The result should be a full, exact repeat of the entries, free of pictures.

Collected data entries
========================================================================

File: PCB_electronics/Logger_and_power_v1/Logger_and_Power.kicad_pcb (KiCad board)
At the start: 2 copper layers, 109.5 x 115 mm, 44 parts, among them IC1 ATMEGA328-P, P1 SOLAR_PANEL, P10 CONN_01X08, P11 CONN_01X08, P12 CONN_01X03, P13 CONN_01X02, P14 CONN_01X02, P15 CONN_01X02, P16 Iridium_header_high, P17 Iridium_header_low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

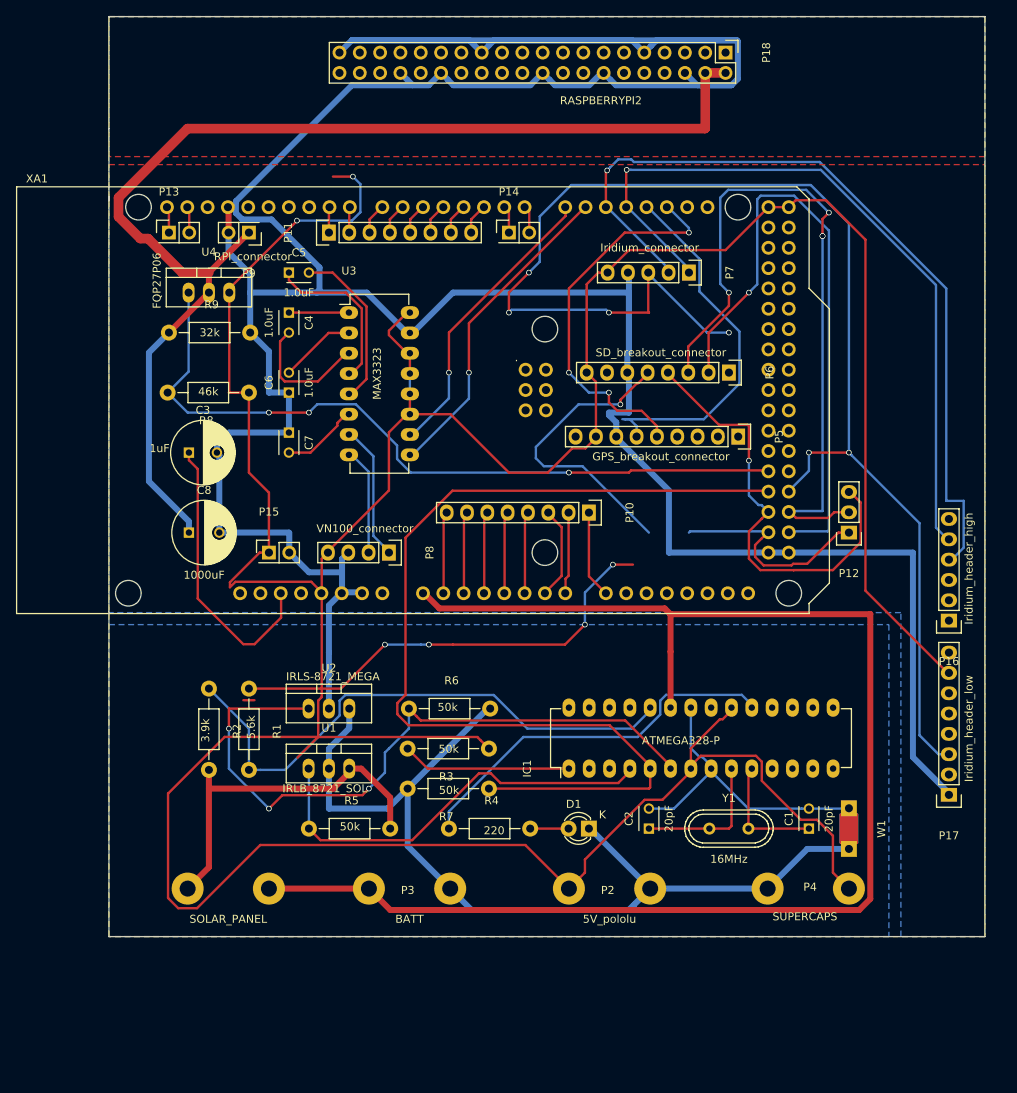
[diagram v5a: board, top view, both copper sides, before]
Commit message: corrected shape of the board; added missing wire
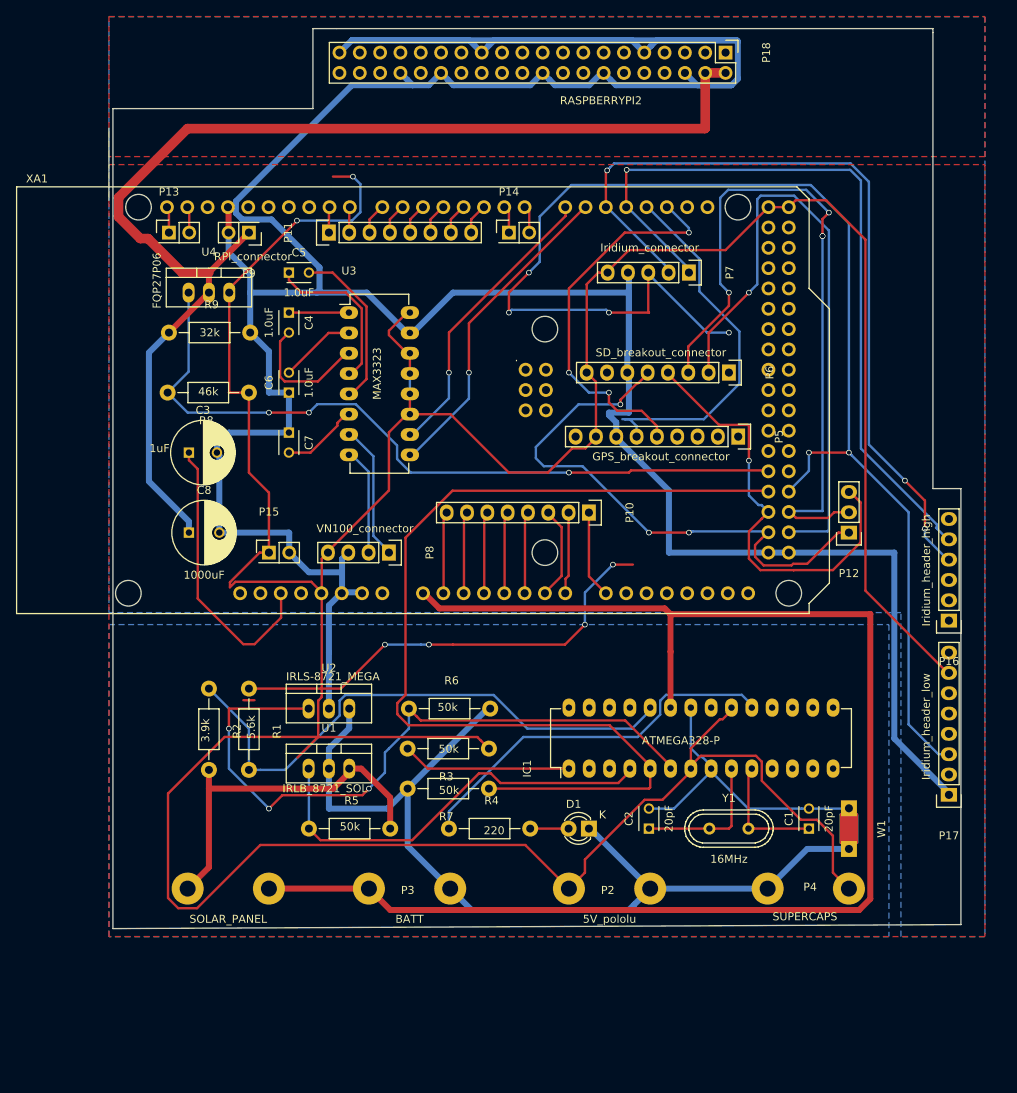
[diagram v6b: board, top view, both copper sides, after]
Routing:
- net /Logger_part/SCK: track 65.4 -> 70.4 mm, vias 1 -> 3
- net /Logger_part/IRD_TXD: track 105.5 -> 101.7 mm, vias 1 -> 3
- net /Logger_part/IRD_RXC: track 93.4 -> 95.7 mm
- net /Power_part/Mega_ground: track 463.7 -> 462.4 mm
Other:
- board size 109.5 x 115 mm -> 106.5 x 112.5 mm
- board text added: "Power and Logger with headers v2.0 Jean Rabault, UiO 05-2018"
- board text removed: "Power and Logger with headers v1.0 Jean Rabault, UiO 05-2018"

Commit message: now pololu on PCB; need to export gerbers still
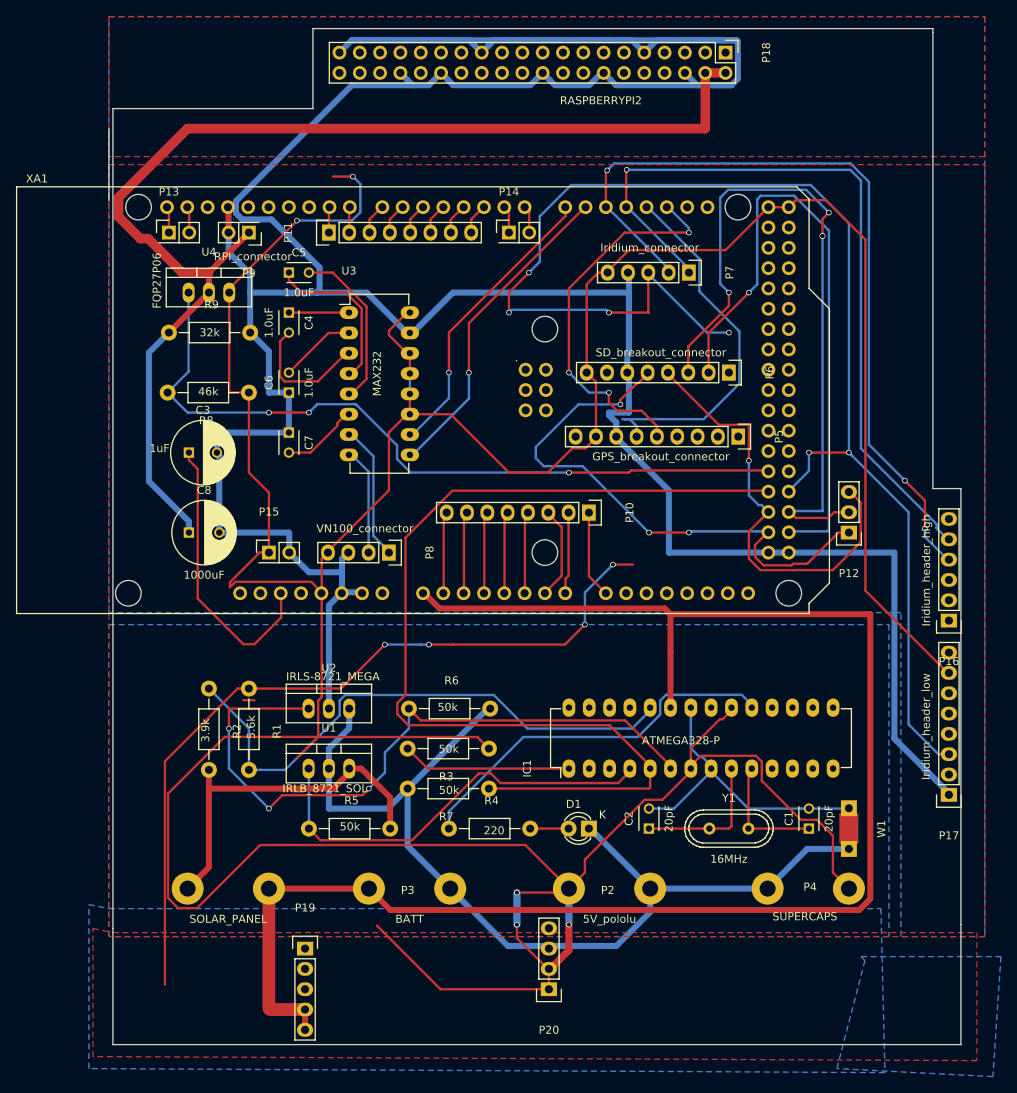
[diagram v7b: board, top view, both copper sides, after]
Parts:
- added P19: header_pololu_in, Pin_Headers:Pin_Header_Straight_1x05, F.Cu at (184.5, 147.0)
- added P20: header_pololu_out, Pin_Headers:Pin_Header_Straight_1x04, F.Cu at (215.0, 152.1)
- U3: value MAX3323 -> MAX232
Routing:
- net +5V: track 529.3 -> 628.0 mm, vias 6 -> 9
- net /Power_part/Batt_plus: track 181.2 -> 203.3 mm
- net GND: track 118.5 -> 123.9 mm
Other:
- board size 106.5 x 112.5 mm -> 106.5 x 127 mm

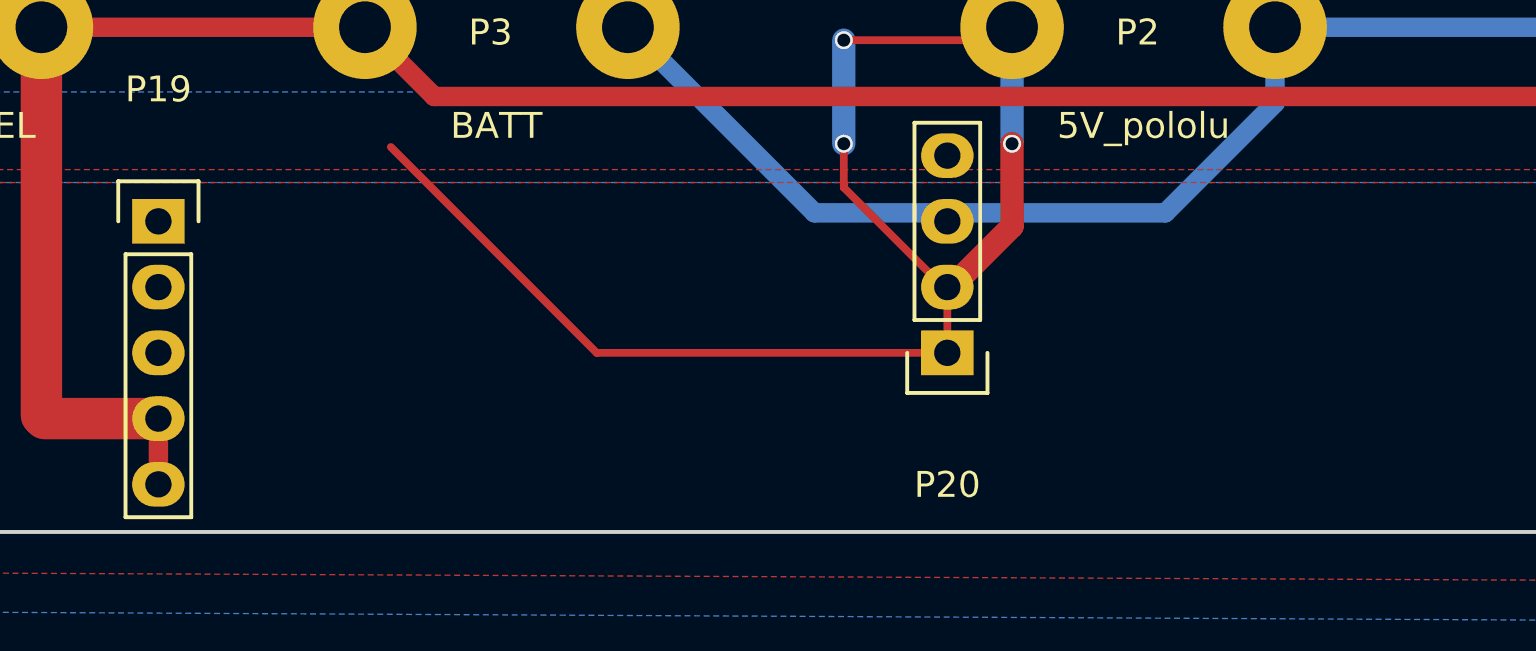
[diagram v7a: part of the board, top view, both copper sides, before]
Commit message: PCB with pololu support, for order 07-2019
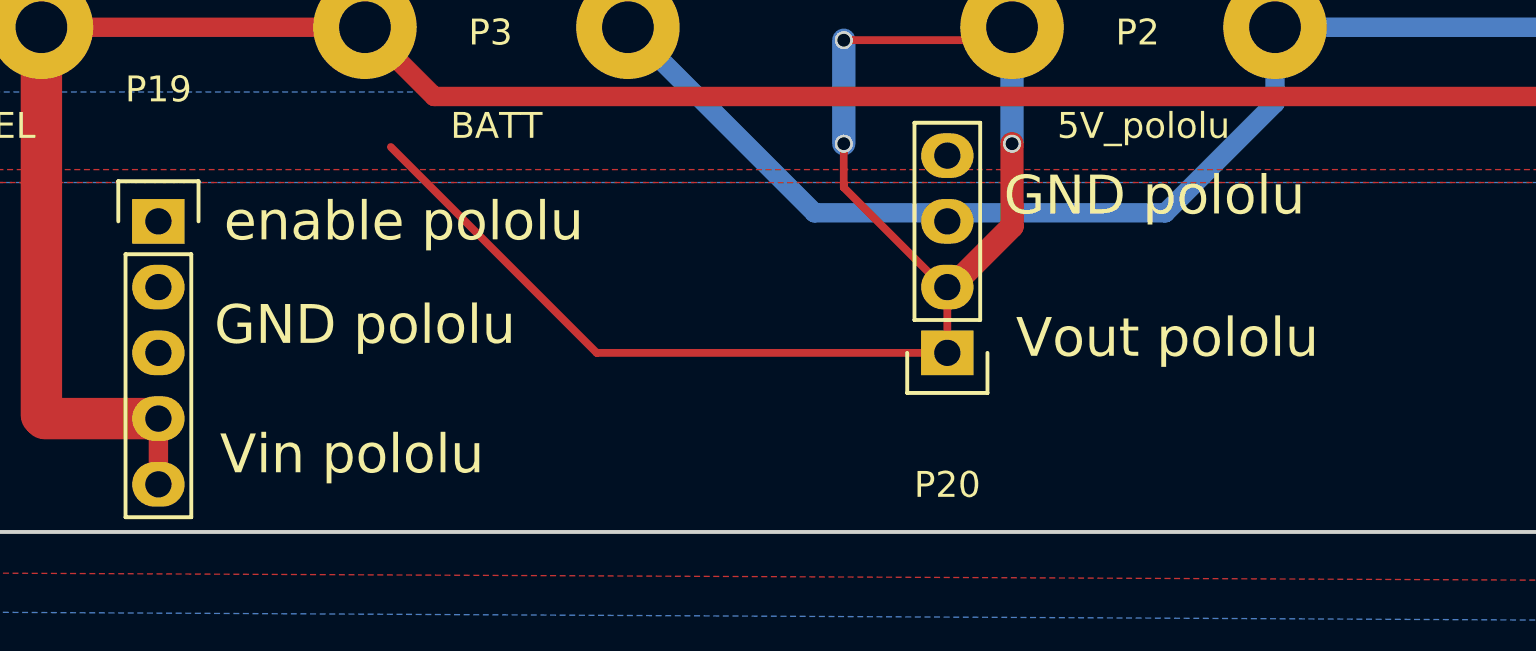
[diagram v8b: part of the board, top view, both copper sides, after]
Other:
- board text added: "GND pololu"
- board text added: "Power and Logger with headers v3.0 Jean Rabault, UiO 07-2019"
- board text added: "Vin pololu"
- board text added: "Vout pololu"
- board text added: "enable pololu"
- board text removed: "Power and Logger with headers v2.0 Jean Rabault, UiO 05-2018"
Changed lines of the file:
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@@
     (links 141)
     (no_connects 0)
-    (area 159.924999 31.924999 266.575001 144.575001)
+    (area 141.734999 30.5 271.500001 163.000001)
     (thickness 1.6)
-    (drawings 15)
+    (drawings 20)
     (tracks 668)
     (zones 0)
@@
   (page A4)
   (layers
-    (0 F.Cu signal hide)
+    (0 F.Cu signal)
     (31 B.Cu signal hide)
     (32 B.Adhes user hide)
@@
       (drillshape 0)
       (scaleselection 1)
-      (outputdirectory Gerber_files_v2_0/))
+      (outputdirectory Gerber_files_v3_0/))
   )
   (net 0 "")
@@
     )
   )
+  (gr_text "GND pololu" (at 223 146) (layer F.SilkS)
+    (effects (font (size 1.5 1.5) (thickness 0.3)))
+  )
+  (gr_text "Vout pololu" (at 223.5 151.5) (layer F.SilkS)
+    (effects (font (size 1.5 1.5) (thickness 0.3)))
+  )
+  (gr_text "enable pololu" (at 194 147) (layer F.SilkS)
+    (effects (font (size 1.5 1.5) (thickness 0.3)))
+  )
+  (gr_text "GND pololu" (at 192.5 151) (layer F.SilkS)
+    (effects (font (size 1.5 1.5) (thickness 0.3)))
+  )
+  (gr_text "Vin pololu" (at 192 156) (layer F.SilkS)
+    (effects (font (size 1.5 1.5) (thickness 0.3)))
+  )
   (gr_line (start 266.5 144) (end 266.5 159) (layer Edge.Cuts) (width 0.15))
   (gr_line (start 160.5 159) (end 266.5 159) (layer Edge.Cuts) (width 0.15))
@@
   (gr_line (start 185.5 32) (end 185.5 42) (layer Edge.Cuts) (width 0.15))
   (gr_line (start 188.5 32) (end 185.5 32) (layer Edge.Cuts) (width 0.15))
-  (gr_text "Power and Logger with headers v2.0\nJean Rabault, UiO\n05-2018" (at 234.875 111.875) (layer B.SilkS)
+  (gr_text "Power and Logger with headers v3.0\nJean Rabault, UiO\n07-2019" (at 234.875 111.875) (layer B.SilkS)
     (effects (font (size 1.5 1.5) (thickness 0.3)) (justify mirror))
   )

========================================================================

§ FINISHED TASK:
File: PCB_electronics/Logger_and_power_v1/Logger_and_Power.kicad_pcb (KiCad board)
At the start: 2 copper layers, 109.5 x 115 mm, 44 parts, among them IC1 ATMEGA328-P, P1 SOLAR_PANEL, P10 CONN_01X08, P11 CONN_01X08, P12 CONN_01X03, P13 CONN_01X02, P14 CONN_01X02, P15 CONN_01X02, P16 Iridium_header_high, P17 Iridium_header_low

[diagram v5a: board, top view, both copper sides, before]
Commit message: corrected shape of the board; added missing wire
[diagram v6b: board, top view, both copper sides, after]
Routing:
- net /Logger_part/SCK: track 65.4 -> 70.4 mm, vias 1 -> 3
- net /Logger_part/IRD_TXD: track 105.5 -> 101.7 mm, vias 1 -> 3
- net /Logger_part/IRD_RXC: track 93.4 -> 95.7 mm
- net /Power_part/Mega_ground: track 463.7 -> 462.4 mm
Other:
- board size 109.5 x 115 mm -> 106.5 x 112.5 mm
- board text added: "Power and Logger with headers v2.0 Jean Rabault, UiO 05-2018"
- board text removed: "Power and Logger with headers v1.0 Jean Rabault, UiO 05-2018"

Commit message: now pololu on PCB; need to export gerbers still
[diagram v7b: board, top view, both copper sides, after]
Parts:
- added P19: header_pololu_in, Pin_Headers:Pin_Header_Straight_1x05, F.Cu at (184.5, 147.0)
- added P20: header_pololu_out, Pin_Headers:Pin_Header_Straight_1x04, F.Cu at (215.0, 152.1)
- U3: value MAX3323 -> MAX232
Routing:
- net +5V: track 529.3 -> 628.0 mm, vias 6 -> 9
- net /Power_part/Batt_plus: track 181.2 -> 203.3 mm
- net GND: track 118.5 -> 123.9 mm
Other:
- board size 106.5 x 112.5 mm -> 106.5 x 127 mm

[diagram v7a: part of the board, top view, both copper sides, before]
Commit message: PCB with pololu support, for order 07-2019
[diagram v8b: part of the board, top view, both copper sides, after]
Other:
- board text added: "GND pololu"
- board text added: "Power and Logger with headers v3.0 Jean Rabault, UiO 07-2019"
- board text added: "Vin pololu"
- board text added: "Vout pololu"
- board text added: "enable pololu"
- board text removed: "Power and Logger with headers v2.0 Jean Rabault, UiO 05-2018"
Changed lines of the file:
@@
     (links 141)
     (no_connects 0)
-    (area 159.924999 31.924999 266.575001 144.575001)
+    (area 141.734999 30.5 271.500001 163.000001)
     (thickness 1.6)
-    (drawings 15)
+    (drawings 20)
     (tracks 668)
     (zones 0)
@@
   (page A4)
   (layers
-    (0 F.Cu signal hide)
+    (0 F.Cu signal)
     (31 B.Cu signal hide)
     (32 B.Adhes user hide)
@@
       (drillshape 0)
       (scaleselection 1)
-      (outputdirectory Gerber_files_v2_0/))
+      (outputdirectory Gerber_files_v3_0/))
   )
   (net 0 "")
@@
     )
   )
+  (gr_text "GND pololu" (at 223 146) (layer F.SilkS)
+    (effects (font (size 1.5 1.5) (thickness 0.3)))
+  )
+  (gr_text "Vout pololu" (at 223.5 151.5) (layer F.SilkS)
+    (effects (font (size 1.5 1.5) (thickness 0.3)))
+  )
+  (gr_text "enable pololu" (at 194 147) (layer F.SilkS)
+    (effects (font (size 1.5 1.5) (thickness 0.3)))
+  )
+  (gr_text "GND pololu" (at 192.5 151) (layer F.SilkS)
+    (effects (font (size 1.5 1.5) (thickness 0.3)))
+  )
+  (gr_text "Vin pololu" (at 192 156) (layer F.SilkS)
+    (effects (font (size 1.5 1.5) (thickness 0.3)))
+  )
   (gr_line (start 266.5 144) (end 266.5 159) (layer Edge.Cuts) (width 0.15))
   (gr_line (start 160.5 159) (end 266.5 159) (layer Edge.Cuts) (width 0.15))
@@
   (gr_line (start 185.5 32) (end 185.5 42) (layer Edge.Cuts) (width 0.15))
   (gr_line (start 188.5 32) (end 185.5 32) (layer Edge.Cuts) (width 0.15))
-  (gr_text "Power and Logger with headers v2.0\nJean Rabault, UiO\n05-2018" (at 234.875 111.875) (layer B.SilkS)
+  (gr_text "Power and Logger with headers v3.0\nJean Rabault, UiO\n07-2019" (at 234.875 111.875) (layer B.SilkS)
     (effects (font (size 1.5 1.5) (thickness 0.3)) (justify mirror))
   )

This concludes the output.